Evaluation of demographic history and neutral parameterization on the performance of FST outlier tests

F(ST) outlier tests are a potentially powerful way to detect genetic loci under spatially divergent selection. Unfortunately, the extent to which these tests are robust to nonequilibrium demographic histories has been understudied. We developed a landscape genetics simulator to test the effects of isolation by distance (IBD) and range expansion on FST outlier methods. We evaluated the two most commonly used methods for the identification of F(ST) outliers (FDIST2 and BayeScan, which assume samples are evolutionarily independent) and two recent methods (FLK and Bayenv2, which estimate and account for evolutionary nonindependence). Parameterization with a set of neutral loci ('neutral parameterization') always improved the performance of FLK and Bayenv2, while neutral parameterization caused FDIST2 to actually perform worse in the cases of IBD or range expansion.
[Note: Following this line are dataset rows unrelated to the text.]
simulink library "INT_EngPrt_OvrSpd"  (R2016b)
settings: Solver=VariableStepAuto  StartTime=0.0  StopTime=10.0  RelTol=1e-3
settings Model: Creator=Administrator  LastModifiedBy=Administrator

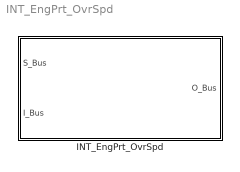
== system INT_EngPrt_OvrSpd ==
  INT_EngPrt_OvrSpd : Subsystem

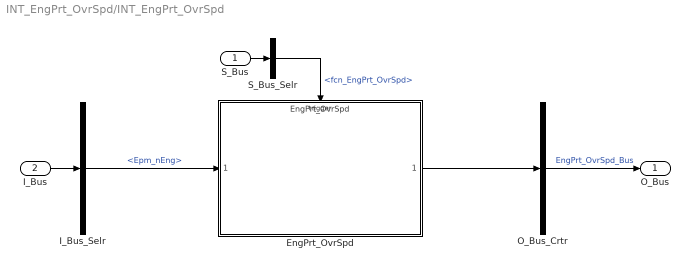
== system INT_EngPrt_OvrSpd/INT_EngPrt_OvrSpd ==
  S_Bus : Inport
  I_Bus : Inport  Port=2
  EngPrt_OvrSpd : ModelReference  ModelNameDialog=EngPrt_OvrSpd  SimulationMode=Normal  ModelReferenceVersion=1.7  TriggerPortName=function  TriggerPortTriggerType=function-call  TriggerPortStatesWhenEnabling=held
  I_Bus_Selr : BusSelector  OutputSignals=Epm_nEng
  O_Bus_Crtr : BusCreator  Inputs=1
  S_Bus_Selr : BusSelector  OutputSignals=fcn_EngPrt_OvrSpd
  O_Bus : Outport
  wires:
  S_Bus_Selr/1 -> EngPrt_OvrSpd/Trigger  "<fcn_EngPrt_OvrSpd>"
  S_Bus/1 -> S_Bus_Selr/1
  I_Bus/1 -> I_Bus_Selr/1
  I_Bus_Selr/1 -> EngPrt_OvrSpd/1  "<Epm_nEng>"
  O_Bus_Crtr/1 -> O_Bus/1  "EngPrt_OvrSpd_Bus"
  EngPrt_OvrSpd/1 -> O_Bus_Crtr/1

BayeScan was improved when the prior odds on neutrality was increased, regardless of the true odds in the data. On their best performance, however, the widely used methods had high false-positive rates for IBD and range expansion and were outperformed by methods that accounted for evolutionary nonindependence. In addition, default settings in FDIST2 and BayeScan resulted in many false positives suggesting balancing selection. However, all methods did very well if a large set of neutral loci is available to create empirical P-values. We conclude that in species that exhibit IBD or have undergone range expansion, many of the published FST outliers based on FDIST2 and BayeScan are probably false positives, but FLK and Bayenv2 show great promise for accurately identifying loci under spatially divergent selection.